In part, that’s because the majority of one political party doesn’t see climate change as a major problem and won’t engage in hard choices about the transition. Still, even among those who recognize the magnitude of the coming climate crisis, there seems to be little appreciation of the need to get the transition incentives right. In the best of entirely feasible worlds, people making everyday decisions about energy uses — from buying a dishwasher to deciding when to charge the family Tesla — would, without prompting, choose what’s best for society as they choose what’s best for themselves.

The two major barriers to getting incentives right are the revenue shortfall some utilities will face when they set prices to reflect social marginal cost and the losses some people will suffer from the transition to a lowcarbon economy. Overcoming these barriers will be expensive, but there is also opportunity to use the transition to help change pay for itself.

For example, taxing emissions from fossil fuels would generate substantial revenues, which could help pay for electric industry infrastructure and a variety of public-purpose programs currently driving electric rates well above social marginal cost in some states. These taxes could also help pay for obsolete infrastructure in the natural gas sector, which could speed the phaseout by avoiding drawnout legal battles over who will be stuck with the stranded costs. Using some of the revenue to reduce other tax burdens on low- and middle- income families could also make this a progressive change in the overall tax structure.

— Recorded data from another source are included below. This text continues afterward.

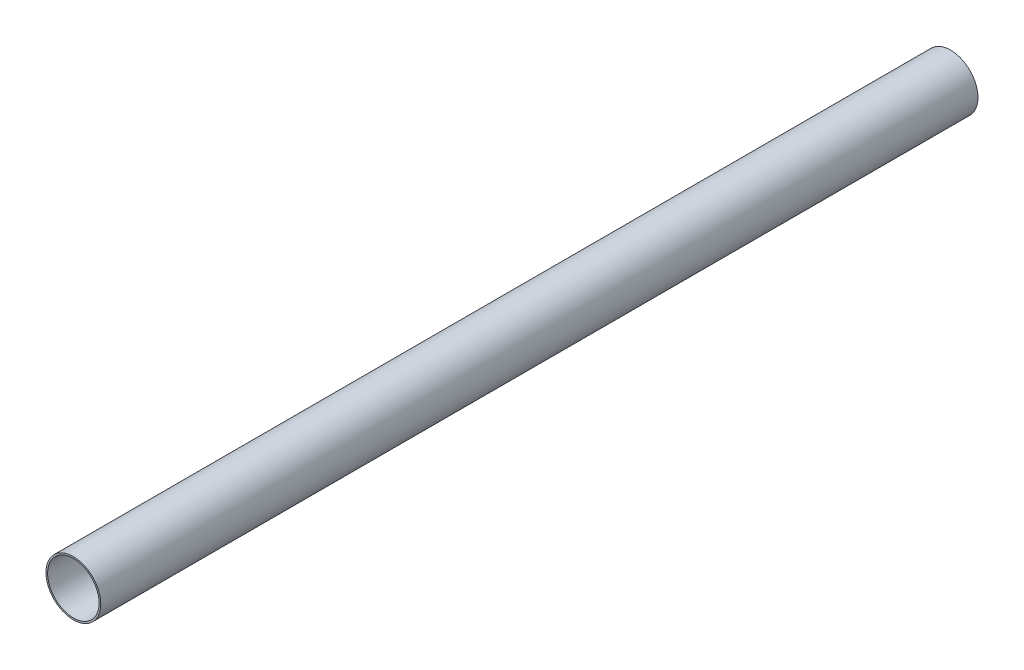
ISO-10303-21;
HEADER;
FILE_DESCRIPTION(('STEP AP214'),'2;1');
FILE_NAME('part.step','',(''),(''),'','','');
FILE_SCHEMA(('AUTOMOTIVE_DESIGN { 1 0 10303 214 1 1 1 1 }'));
ENDSEC;
DATA;
#1=APPLICATION_CONTEXT('core data for automotive mechanical design processes');
#2=APPLICATION_PROTOCOL_DEFINITION('international standard','automotive_design',2000,#1);
#3=PRODUCT_CONTEXT('',#1,'mechanical');
#4=PRODUCT('Part','Part','',(#3));
#5=PRODUCT_RELATED_PRODUCT_CATEGORY('part','',(#4));
#6=PRODUCT_DEFINITION_FORMATION('','',#4);
#7=PRODUCT_DEFINITION_CONTEXT('part definition',#1,'design');
#8=PRODUCT_DEFINITION('design','',#6,#7);
#9=PRODUCT_DEFINITION_SHAPE('','',#8);
#10=(LENGTH_UNIT() NAMED_UNIT(*) SI_UNIT(.MILLI.,.METRE.));
#11=(NAMED_UNIT(*) PLANE_ANGLE_UNIT() SI_UNIT($,.RADIAN.));
#12=(NAMED_UNIT(*) SI_UNIT($,.STERADIAN.) SOLID_ANGLE_UNIT());
#13=UNCERTAINTY_MEASURE_WITH_UNIT(LENGTH_MEASURE(1.E-05),#10,'distance_accuracy_value','');
#14=(GEOMETRIC_REPRESENTATION_CONTEXT(3) GLOBAL_UNCERTAINTY_ASSIGNED_CONTEXT((#13)) GLOBAL_UNIT_ASSIGNED_CONTEXT((#10,
#11,#12)) REPRESENTATION_CONTEXT('',''));
#15=CARTESIAN_POINT('',(0.,0.,0.));
#16=DIRECTION('',(0.,0.,1.));
#17=DIRECTION('',(1.,0.,0.));
#18=AXIS2_PLACEMENT_3D('',#15,#16,#17);
#19=CARTESIAN_POINT('',(0.,0.,1600.));
#20=DIRECTION('',(0.,0.,1.));
#21=DIRECTION('',(1.,0.,0.));
#22=AXIS2_PLACEMENT_3D('',#19,#20,#21);
#23=PLANE('',#22);
#24=CARTESIAN_POINT('',(0.,0.,1600.));
#25=DIRECTION('',(0.,0.,1.));
#26=DIRECTION('',(1.,0.,0.));
#27=AXIS2_PLACEMENT_3D('',#24,#25,#26);
#28=CIRCLE('',#27,50.);
#29=CARTESIAN_POINT('',(50.,0.,1600.));
#30=VERTEX_POINT('',#29);
#31=EDGE_CURVE('E10',#30,#30,#28,.T.);
#32=ORIENTED_EDGE('',*,*,#31,.T.);
#33=EDGE_LOOP('',(#32));
#34=FACE_BOUND('',#33,.T.);
#35=CARTESIAN_POINT('',(0.,0.,1600.));
#36=DIRECTION('',(0.,0.,1.));
#37=DIRECTION('',(1.,0.,0.));
#38=AXIS2_PLACEMENT_3D('',#35,#36,#37);
#39=CIRCLE('',#38,47.);
#40=CARTESIAN_POINT('',(47.,0.,1600.));
#41=VERTEX_POINT('',#40);
#42=EDGE_CURVE('E41',#41,#41,#39,.T.);
#43=ORIENTED_EDGE('',*,*,#42,.F.);
#44=EDGE_LOOP('',(#43));
#45=FACE_BOUND('',#44,.T.);
#46=ADVANCED_FACE('F30',(#34,#45),#23,.T.);
#47=CARTESIAN_POINT('',(0.,0.,0.));
#48=DIRECTION('',(0.,0.,1.));
#49=DIRECTION('',(1.,0.,0.));
#50=AXIS2_PLACEMENT_3D('',#47,#48,#49);
#51=PLANE('',#50);
#52=CARTESIAN_POINT('',(0.,0.,0.));
#53=DIRECTION('',(0.,0.,1.));
#54=DIRECTION('',(1.,0.,0.));
#55=AXIS2_PLACEMENT_3D('',#52,#53,#54);
#56=CIRCLE('',#55,50.);
#57=CARTESIAN_POINT('',(50.,0.,0.));
#58=VERTEX_POINT('',#57);
#59=EDGE_CURVE('E34',#58,#58,#56,.T.);
#60=ORIENTED_EDGE('',*,*,#59,.F.);
#61=EDGE_LOOP('',(#60));
#62=FACE_BOUND('',#61,.T.);
#63=CARTESIAN_POINT('',(0.,0.,0.));
#64=DIRECTION('',(0.,0.,1.));
#65=DIRECTION('',(1.,0.,0.));
#66=AXIS2_PLACEMENT_3D('',#63,#64,#65);
#67=CIRCLE('',#66,47.);
#68=CARTESIAN_POINT('',(47.,0.,0.));
#69=VERTEX_POINT('',#68);
#70=EDGE_CURVE('E43',#69,#69,#67,.T.);
#71=ORIENTED_EDGE('',*,*,#70,.T.);
#72=EDGE_LOOP('',(#71));
#73=FACE_BOUND('',#72,.T.);
#74=ADVANCED_FACE('F53',(#62,#73),#51,.F.);
#75=CARTESIAN_POINT('',(0.,0.,1600.));
#76=DIRECTION('',(0.,0.,-1.));
#77=DIRECTION('',(-1.,0.,0.));
#78=AXIS2_PLACEMENT_3D('',#75,#76,#77);
#79=CYLINDRICAL_SURFACE('',#78,50.);
#80=ORIENTED_EDGE('',*,*,#31,.F.);
#81=EDGE_LOOP('',(#80));
#82=FACE_BOUND('',#81,.T.);
#83=ORIENTED_EDGE('',*,*,#59,.T.);
#84=EDGE_LOOP('',(#83));
#85=FACE_BOUND('',#84,.T.);
#86=ADVANCED_FACE('F32',(#82,#85),#79,.T.);
#87=CARTESIAN_POINT('',(0.,0.,1600.));
#88=DIRECTION('',(0.,0.,-1.));
#89=DIRECTION('',(-1.,0.,0.));
#90=AXIS2_PLACEMENT_3D('',#87,#88,#89);
#91=CYLINDRICAL_SURFACE('',#90,47.);
#92=ORIENTED_EDGE('',*,*,#42,.T.);
#93=EDGE_LOOP('',(#92));
#94=FACE_BOUND('',#93,.T.);
#95=ORIENTED_EDGE('',*,*,#70,.F.);
#96=EDGE_LOOP('',(#95));
#97=FACE_BOUND('',#96,.T.);
#98=ADVANCED_FACE('F49',(#94,#97),#91,.F.);
#99=CLOSED_SHELL('',(#46,#74,#86,#98));
#100=MANIFOLD_SOLID_BREP('B2',#99);
#101=ADVANCED_BREP_SHAPE_REPRESENTATION('',(#18,#100),#14);
#102=SHAPE_DEFINITION_REPRESENTATION(#9,#101);
ENDSEC;
END-ISO-10303-21;

Taxing greenhouse emissions, however, won’t cover the full cost of household decarbonization, particularly as the transition advances and there are ever-fewer emissions left to tax. Luckily, the costs of the transition will also decline with time.

Still, paying for the grid, supporting lowincome customers, mitigating and adapting to climate change and managing other fixed costs will be substantial. It’s worth noting that imposing taxes on related harmful activities beyond emitting GHGs could also help pay for the transition and move prices closer to social marginal cost. Local pollution — from vehicles, industry and other sources — is generally controlled through technical standards imposed on polluting devices, but avoids fees on the substantial pollution the sources still emit. Traffic congestion has huge negative costs, but individual drivers don’t bear the cost of the congestion they create for others.

Opponents of pricing these activities have pointed to technological challenges and the costs imposed on the policy losers. The technology problem is largely solved today. As with residential decarbonization, we now face the question of whether institutions can address the economic, political and equity concerns — not whether the policy is feasible. At some point it will come down to a question of whether we tax clean energy or we find other sources of revenue to cover the bill. Given the clear evidence that taxing clean energy is extremely regressive and undermines decarbonization, we need to find better solutions.